Given information:
====

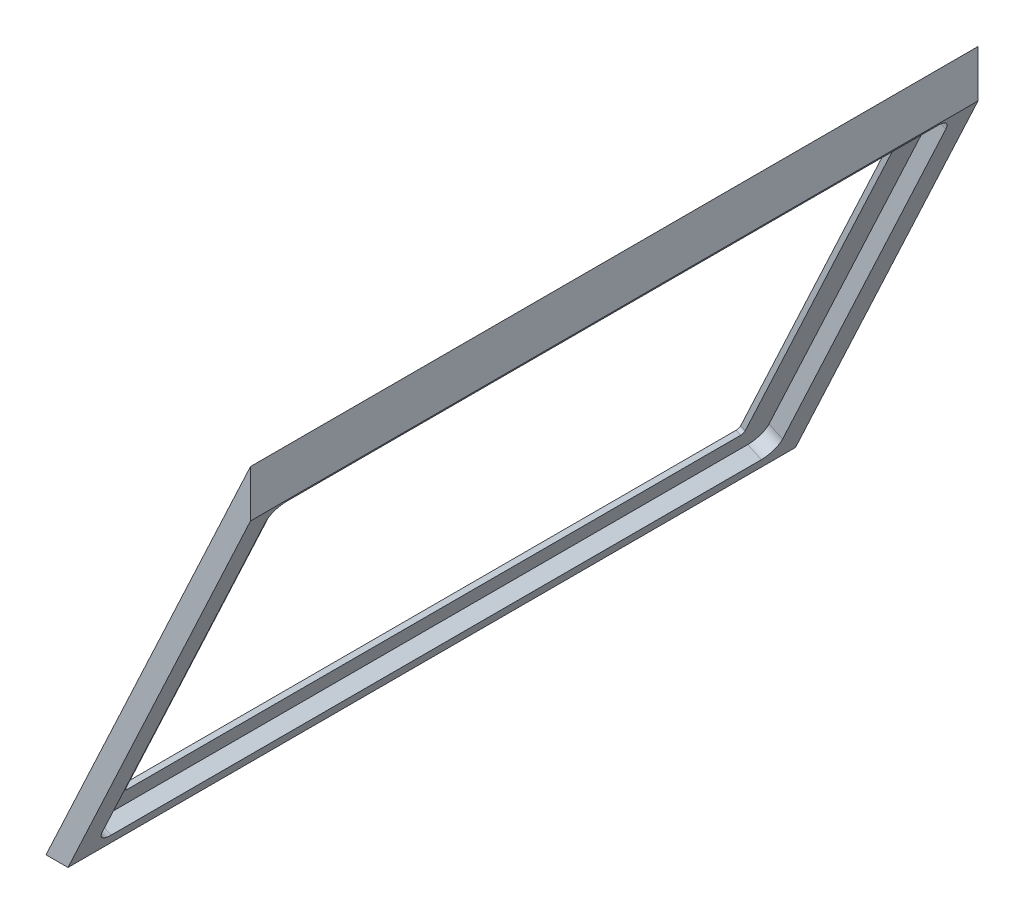
ISO-10303-21;
HEADER;
FILE_DESCRIPTION(('STEP AP214'),'2;1');
FILE_NAME('part.step','',(''),(''),'','','');
FILE_SCHEMA(('AUTOMOTIVE_DESIGN { 1 0 10303 214 1 1 1 1 }'));
ENDSEC;
DATA;
#1=APPLICATION_CONTEXT('core data for automotive mechanical design processes');
#2=APPLICATION_PROTOCOL_DEFINITION('international standard','automotive_design',2000,#1);
#3=PRODUCT_CONTEXT('',#1,'mechanical');
#4=PRODUCT('Part','Part','',(#3));
#5=PRODUCT_RELATED_PRODUCT_CATEGORY('part','',(#4));
#6=PRODUCT_DEFINITION_FORMATION('','',#4);
#7=PRODUCT_DEFINITION_CONTEXT('part definition',#1,'design');
#8=PRODUCT_DEFINITION('design','',#6,#7);
#9=PRODUCT_DEFINITION_SHAPE('','',#8);
#10=(LENGTH_UNIT() NAMED_UNIT(*) SI_UNIT(.MILLI.,.METRE.));
#11=(NAMED_UNIT(*) PLANE_ANGLE_UNIT() SI_UNIT($,.RADIAN.));
#12=(NAMED_UNIT(*) SI_UNIT($,.STERADIAN.) SOLID_ANGLE_UNIT());
#13=UNCERTAINTY_MEASURE_WITH_UNIT(LENGTH_MEASURE(1.E-05),#10,'distance_accuracy_value','');
#14=(GEOMETRIC_REPRESENTATION_CONTEXT(3) GLOBAL_UNCERTAINTY_ASSIGNED_CONTEXT((#13)) GLOBAL_UNIT_ASSIGNED_CONTEXT((#10,
#11,#12)) REPRESENTATION_CONTEXT('',''));
#15=CARTESIAN_POINT('',(0.,0.,0.));
#16=DIRECTION('',(0.,0.,1.));
#17=DIRECTION('',(1.,0.,0.));
#18=AXIS2_PLACEMENT_3D('',#15,#16,#17);
#19=CARTESIAN_POINT('',(60.2477013968429,-10.5015319165965,-97.6629999999999));
#20=DIRECTION('',(-0.906307787036651,0.422618261740697,0.));
#21=DIRECTION('',(-0.422618261740697,-0.906307787036651,0.));
#22=AXIS2_PLACEMENT_3D('',#19,#20,#21);
#23=CYLINDRICAL_SURFACE('',#22,1.016);
#24=CARTESIAN_POINT('',(8.17705624087686,13.7794086847018,-97.6629999999999));
#25=DIRECTION('',(0.906307787036651,-0.422618261740697,0.));
#26=DIRECTION('',(0.422618261740697,0.906307787036651,0.));
#27=AXIS2_PLACEMENT_3D('',#24,#25,#26);
#28=CIRCLE('',#27,1.016);
#29=CARTESIAN_POINT('',(8.17705624087686,13.7794086847018,-98.6789999999999));
#30=VERTEX_POINT('',#29);
#31=CARTESIAN_POINT('',(7.74767608694831,12.8585999730726,-97.6629999999999));
#32=VERTEX_POINT('',#31);
#33=EDGE_CURVE('E55',#30,#32,#28,.F.);
#34=ORIENTED_EDGE('',*,*,#33,.F.);
#35=DIRECTION('',(-0.906307787036651,0.422618261740697,0.));
#36=VECTOR('',#35,1.);
#37=CARTESIAN_POINT('',(60.2477013968429,-10.5015319165965,-98.6789999999999));
#38=LINE('',#37,#36);
#39=CARTESIAN_POINT('',(6.73829262895618,14.4503151752152,-98.6789999999999));
#40=VERTEX_POINT('',#39);
#41=EDGE_CURVE('E262',#30,#40,#38,.T.);
#42=ORIENTED_EDGE('',*,*,#41,.T.);
#43=CARTESIAN_POINT('',(6.73829262895618,14.4503151752152,-97.6629999999999));
#44=DIRECTION('',(-0.906307787036651,0.422618261740697,0.));
#45=DIRECTION('',(-0.422618261740697,-0.906307787036651,0.));
#46=AXIS2_PLACEMENT_3D('',#43,#44,#45);
#47=CIRCLE('',#46,1.016);
#48=CARTESIAN_POINT('',(6.30891247502763,13.5295064635859,-97.663));
#49=VERTEX_POINT('',#48);
#50=EDGE_CURVE('E237',#40,#49,#47,.T.);
#51=ORIENTED_EDGE('',*,*,#50,.T.);
#52=DIRECTION('',(-0.906307787036651,0.422618261740697,0.));
#53=VECTOR('',#52,1.);
#54=CARTESIAN_POINT('',(59.8183212429144,-11.4223406282257,-97.6629999999999));
#55=LINE('',#54,#53);
#56=EDGE_CURVE('E261',#32,#49,#55,.T.);
#57=ORIENTED_EDGE('',*,*,#56,.F.);
#58=EDGE_LOOP('',(#34,#42,#51,#57));
#59=FACE_BOUND('',#58,.T.);
#60=ADVANCED_FACE('F33',(#59),#23,.F.);
#61=CARTESIAN_POINT('',(60.2477013968429,-10.5015319165965,-98.6789999999999));
#62=DIRECTION('',(0.,0.,-1.));
#63=DIRECTION('',(0.,1.,0.));
#64=AXIS2_PLACEMENT_3D('',#61,#62,#63);
#65=PLANE('',#64);
#66=DIRECTION('',(-0.422618261740697,-0.906307787036651,0.));
#67=VECTOR('',#66,1.);
#68=CARTESIAN_POINT('',(8.17705624087686,13.7794086847018,-98.6789999999999));
#69=LINE('',#68,#67);
#70=CARTESIAN_POINT('',(55.8382533269457,115.989175675547,-98.679));
#71=VERTEX_POINT('',#70);
#72=EDGE_CURVE('E234',#71,#30,#69,.T.);
#73=ORIENTED_EDGE('',*,*,#72,.F.);
#74=DIRECTION('',(-0.906307787036651,0.422618261740697,0.));
#75=VECTOR('',#74,1.);
#76=CARTESIAN_POINT('',(107.908898482912,91.7082350742488,-98.679));
#77=LINE('',#76,#75);
#78=CARTESIAN_POINT('',(54.399489715025,116.66008216606,-98.679));
#79=VERTEX_POINT('',#78);
#80=EDGE_CURVE('E265',#71,#79,#77,.T.);
#81=ORIENTED_EDGE('',*,*,#80,.T.);
#82=DIRECTION('',(-0.422618261740697,-0.906307787036651,0.));
#83=VECTOR('',#82,1.);
#84=CARTESIAN_POINT('',(6.73829262895618,14.4503151752152,-98.6789999999999));
#85=LINE('',#84,#83);
#86=EDGE_CURVE('E258',#79,#40,#85,.T.);
#87=ORIENTED_EDGE('',*,*,#86,.T.);
#88=ORIENTED_EDGE('',*,*,#41,.F.);
#89=EDGE_LOOP('',(#73,#81,#87,#88));
#90=FACE_BOUND('',#89,.T.);
#91=ADVANCED_FACE('F336',(#90),#65,.F.);
#92=CARTESIAN_POINT('',(107.908898482912,91.7082350742488,-97.663));
#93=DIRECTION('',(-0.906307787036651,0.422618261740697,0.));
#94=DIRECTION('',(-0.422618261740697,-0.906307787036651,0.));
#95=AXIS2_PLACEMENT_3D('',#92,#93,#94);
#96=CYLINDRICAL_SURFACE('',#95,1.016);
#97=CARTESIAN_POINT('',(55.8382533269457,115.989175675547,-97.663));
#98=DIRECTION('',(0.906307787036651,-0.422618261740697,0.));
#99=DIRECTION('',(0.422618261740697,0.906307787036651,0.));
#100=AXIS2_PLACEMENT_3D('',#97,#98,#99);
#101=CIRCLE('',#100,1.016);
#102=CARTESIAN_POINT('',(56.2676334808742,116.909984387176,-97.663));
#103=VERTEX_POINT('',#102);
#104=EDGE_CURVE('E232',#103,#71,#101,.F.);
#105=ORIENTED_EDGE('',*,*,#104,.F.);
#106=DIRECTION('',(-0.906307787036651,0.422618261740697,0.));
#107=VECTOR('',#106,1.);
#108=CARTESIAN_POINT('',(108.33827863684,92.6290437858781,-97.663));
#109=LINE('',#108,#107);
#110=CARTESIAN_POINT('',(54.8288698689536,117.58089087769,-97.663));
#111=VERTEX_POINT('',#110);
#112=EDGE_CURVE('E267',#103,#111,#109,.T.);
#113=ORIENTED_EDGE('',*,*,#112,.T.);
#114=CARTESIAN_POINT('',(54.399489715025,116.66008216606,-97.663));
#115=DIRECTION('',(-0.906307787036651,0.422618261740697,0.));
#116=DIRECTION('',(-0.422618261740697,-0.906307787036651,0.));
#117=AXIS2_PLACEMENT_3D('',#114,#115,#116);
#118=CIRCLE('',#117,1.016);
#119=EDGE_CURVE('E255',#111,#79,#118,.T.);
#120=ORIENTED_EDGE('',*,*,#119,.T.);
#121=ORIENTED_EDGE('',*,*,#80,.F.);
#122=EDGE_LOOP('',(#105,#113,#120,#121));
#123=FACE_BOUND('',#122,.T.);
#124=ADVANCED_FACE('F341',(#123),#96,.F.);
#125=CARTESIAN_POINT('',(108.33827863684,92.6290437858781,-97.663));
#126=DIRECTION('',(0.422618261740697,0.906307787036651,0.));
#127=DIRECTION('',(-0.906307787036651,0.422618261740697,0.));
#128=AXIS2_PLACEMENT_3D('',#125,#126,#127);
#129=PLANE('',#128);
#130=DIRECTION('',(0.,0.,-1.));
#131=VECTOR('',#130,1.);
#132=CARTESIAN_POINT('',(56.2676334808742,116.909984387176,-97.663));
#133=LINE('',#132,#131);
#134=CARTESIAN_POINT('',(56.2676334808742,116.909984387176,97.663));
#135=VERTEX_POINT('',#134);
#136=EDGE_CURVE('E230',#135,#103,#133,.T.);
#137=ORIENTED_EDGE('',*,*,#136,.F.);
#138=DIRECTION('',(-0.906307787036651,0.422618261740697,0.));
#139=VECTOR('',#138,1.);
#140=CARTESIAN_POINT('',(108.33827863684,92.6290437858781,97.663));
#141=LINE('',#140,#139);
#142=CARTESIAN_POINT('',(54.8288698689536,117.58089087769,97.663));
#143=VERTEX_POINT('',#142);
#144=EDGE_CURVE('E269',#135,#143,#141,.T.);
#145=ORIENTED_EDGE('',*,*,#144,.T.);
#146=DIRECTION('',(0.,0.,-1.));
#147=VECTOR('',#146,1.);
#148=CARTESIAN_POINT('',(54.8288698689536,117.58089087769,-97.663));
#149=LINE('',#148,#147);
#150=EDGE_CURVE('E252',#143,#111,#149,.T.);
#151=ORIENTED_EDGE('',*,*,#150,.T.);
#152=ORIENTED_EDGE('',*,*,#112,.F.);
#153=EDGE_LOOP('',(#137,#145,#151,#152));
#154=FACE_BOUND('',#153,.T.);
#155=ADVANCED_FACE('F360',(#154),#129,.F.);
#156=CARTESIAN_POINT('',(107.908898482912,91.7082350742488,97.663));
#157=DIRECTION('',(-0.906307787036651,0.422618261740697,0.));
#158=DIRECTION('',(-0.422618261740697,-0.906307787036651,0.));
#159=AXIS2_PLACEMENT_3D('',#156,#157,#158);
#160=CYLINDRICAL_SURFACE('',#159,1.01599999999999);
#161=CARTESIAN_POINT('',(55.8382533269457,115.989175675547,97.663));
#162=DIRECTION('',(0.906307787036651,-0.422618261740697,0.));
#163=DIRECTION('',(0.422618261740697,0.906307787036651,0.));
#164=AXIS2_PLACEMENT_3D('',#161,#162,#163);
#165=CIRCLE('',#164,1.01599999999999);
#166=CARTESIAN_POINT('',(55.8382533269457,115.989175675547,98.679));
#167=VERTEX_POINT('',#166);
#168=EDGE_CURVE('E228',#167,#135,#165,.F.);
#169=ORIENTED_EDGE('',*,*,#168,.F.);
#170=DIRECTION('',(-0.906307787036651,0.422618261740697,0.));
#171=VECTOR('',#170,1.);
#172=CARTESIAN_POINT('',(107.908898482912,91.7082350742488,98.679));
#173=LINE('',#172,#171);
#174=CARTESIAN_POINT('',(54.399489715025,116.66008216606,98.679));
#175=VERTEX_POINT('',#174);
#176=EDGE_CURVE('E271',#167,#175,#173,.T.);
#177=ORIENTED_EDGE('',*,*,#176,.T.);
#178=CARTESIAN_POINT('',(54.399489715025,116.66008216606,97.663));
#179=DIRECTION('',(-0.906307787036651,0.422618261740697,0.));
#180=DIRECTION('',(-0.422618261740697,-0.906307787036651,0.));
#181=AXIS2_PLACEMENT_3D('',#178,#179,#180);
#182=CIRCLE('',#181,1.01599999999999);
#183=EDGE_CURVE('E249',#175,#143,#182,.T.);
#184=ORIENTED_EDGE('',*,*,#183,.T.);
#185=ORIENTED_EDGE('',*,*,#144,.F.);
#186=EDGE_LOOP('',(#169,#177,#184,#185));
#187=FACE_BOUND('',#186,.T.);
#188=ADVANCED_FACE('F356',(#187),#160,.F.);
#189=CARTESIAN_POINT('',(107.908898482912,91.7082350742488,98.679));
#190=DIRECTION('',(0.,0.,1.));
#191=DIRECTION('',(0.,-1.,0.));
#192=AXIS2_PLACEMENT_3D('',#189,#190,#191);
#193=PLANE('',#192);
#194=DIRECTION('',(0.422618261740697,0.906307787036651,0.));
#195=VECTOR('',#194,1.);
#196=CARTESIAN_POINT('',(55.8382533269457,115.989175675547,98.679));
#197=LINE('',#196,#195);
#198=CARTESIAN_POINT('',(8.17705624087685,13.7794086847018,98.6789999999999));
#199=VERTEX_POINT('',#198);
#200=EDGE_CURVE('E226',#199,#167,#197,.T.);
#201=ORIENTED_EDGE('',*,*,#200,.F.);
#202=DIRECTION('',(-0.906307787036651,0.422618261740697,0.));
#203=VECTOR('',#202,1.);
#204=CARTESIAN_POINT('',(60.2477013968429,-10.5015319165965,98.6789999999999));
#205=LINE('',#204,#203);
#206=CARTESIAN_POINT('',(6.73829262895617,14.4503151752152,98.6789999999999));
#207=VERTEX_POINT('',#206);
#208=EDGE_CURVE('E273',#199,#207,#205,.T.);
#209=ORIENTED_EDGE('',*,*,#208,.T.);
#210=DIRECTION('',(0.422618261740697,0.906307787036651,0.));
#211=VECTOR('',#210,1.);
#212=CARTESIAN_POINT('',(54.399489715025,116.66008216606,98.679));
#213=LINE('',#212,#211);
#214=EDGE_CURVE('E246',#207,#175,#213,.T.);
#215=ORIENTED_EDGE('',*,*,#214,.T.);
#216=ORIENTED_EDGE('',*,*,#176,.F.);
#217=EDGE_LOOP('',(#201,#209,#215,#216));
#218=FACE_BOUND('',#217,.T.);
#219=ADVANCED_FACE('F352',(#218),#193,.F.);
#220=CARTESIAN_POINT('',(60.2477013968429,-10.5015319165965,97.6629999999999));
#221=DIRECTION('',(-0.906307787036651,0.422618261740697,0.));
#222=DIRECTION('',(-0.422618261740697,-0.906307787036651,0.));
#223=AXIS2_PLACEMENT_3D('',#220,#221,#222);
#224=CYLINDRICAL_SURFACE('',#223,1.016);
#225=CARTESIAN_POINT('',(8.17705624087685,13.7794086847018,97.6629999999999));
#226=DIRECTION('',(0.906307787036651,-0.422618261740697,0.));
#227=DIRECTION('',(0.422618261740697,0.906307787036651,0.));
#228=AXIS2_PLACEMENT_3D('',#225,#226,#227);
#229=CIRCLE('',#228,1.016);
#230=CARTESIAN_POINT('',(7.74767608694831,12.8585999730726,97.6629999999999));
#231=VERTEX_POINT('',#230);
#232=EDGE_CURVE('E224',#231,#199,#229,.F.);
#233=ORIENTED_EDGE('',*,*,#232,.F.);
#234=DIRECTION('',(-0.906307787036651,0.422618261740697,0.));
#235=VECTOR('',#234,1.);
#236=CARTESIAN_POINT('',(59.8183212429144,-11.4223406282257,97.6629999999999));
#237=LINE('',#236,#235);
#238=CARTESIAN_POINT('',(6.30891247502763,13.5295064635859,97.6629999999999));
#239=VERTEX_POINT('',#238);
#240=EDGE_CURVE('E275',#231,#239,#237,.T.);
#241=ORIENTED_EDGE('',*,*,#240,.T.);
#242=CARTESIAN_POINT('',(6.73829262895617,14.4503151752152,97.6629999999999));
#243=DIRECTION('',(-0.906307787036651,0.422618261740697,0.));
#244=DIRECTION('',(-0.422618261740697,-0.906307787036651,0.));
#245=AXIS2_PLACEMENT_3D('',#242,#243,#244);
#246=CIRCLE('',#245,1.016);
#247=EDGE_CURVE('E243',#239,#207,#246,.T.);
#248=ORIENTED_EDGE('',*,*,#247,.T.);
#249=ORIENTED_EDGE('',*,*,#208,.F.);
#250=EDGE_LOOP('',(#233,#241,#248,#249));
#251=FACE_BOUND('',#250,.T.);
#252=ADVANCED_FACE('F348',(#251),#224,.F.);
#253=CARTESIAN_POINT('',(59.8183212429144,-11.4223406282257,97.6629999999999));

====

Task to complete:
Given the records above, reproduce precisely and only the lines between the line holding "#16=DIRECTION('',(0.,0.,1.));" and the line holding "#50=EDGE_CURVE('E237',#40,#49,#47,.T.);", inclusive.

Task solution:
#16=DIRECTION('',(0.,0.,1.));
#17=DIRECTION('',(1.,0.,0.));
#18=AXIS2_PLACEMENT_3D('',#15,#16,#17);
#19=CARTESIAN_POINT('',(60.2477013968429,-10.5015319165965,-97.6629999999999));
#20=DIRECTION('',(-0.906307787036651,0.422618261740697,0.));
#21=DIRECTION('',(-0.422618261740697,-0.906307787036651,0.));
#22=AXIS2_PLACEMENT_3D('',#19,#20,#21);
#23=CYLINDRICAL_SURFACE('',#22,1.016);
#24=CARTESIAN_POINT('',(8.17705624087686,13.7794086847018,-97.6629999999999));
#25=DIRECTION('',(0.906307787036651,-0.422618261740697,0.));
#26=DIRECTION('',(0.422618261740697,0.906307787036651,0.));
#27=AXIS2_PLACEMENT_3D('',#24,#25,#26);
#28=CIRCLE('',#27,1.016);
#29=CARTESIAN_POINT('',(8.17705624087686,13.7794086847018,-98.6789999999999));
#30=VERTEX_POINT('',#29);
#31=CARTESIAN_POINT('',(7.74767608694831,12.8585999730726,-97.6629999999999));
#32=VERTEX_POINT('',#31);
#33=EDGE_CURVE('E55',#30,#32,#28,.F.);
#34=ORIENTED_EDGE('',*,*,#33,.F.);
#35=DIRECTION('',(-0.906307787036651,0.422618261740697,0.));
#36=VECTOR('',#35,1.);
#37=CARTESIAN_POINT('',(60.2477013968429,-10.5015319165965,-98.6789999999999));
#38=LINE('',#37,#36);
#39=CARTESIAN_POINT('',(6.73829262895618,14.4503151752152,-98.6789999999999));
#40=VERTEX_POINT('',#39);
#41=EDGE_CURVE('E262',#30,#40,#38,.T.);
#42=ORIENTED_EDGE('',*,*,#41,.T.);
#43=CARTESIAN_POINT('',(6.73829262895618,14.4503151752152,-97.6629999999999));
#44=DIRECTION('',(-0.906307787036651,0.422618261740697,0.));
#45=DIRECTION('',(-0.422618261740697,-0.906307787036651,0.));
#46=AXIS2_PLACEMENT_3D('',#43,#44,#45);
#47=CIRCLE('',#46,1.016);
#48=CARTESIAN_POINT('',(6.30891247502763,13.5295064635859,-97.663));
#49=VERTEX_POINT('',#48);
#50=EDGE_CURVE('E237',#40,#49,#47,.T.);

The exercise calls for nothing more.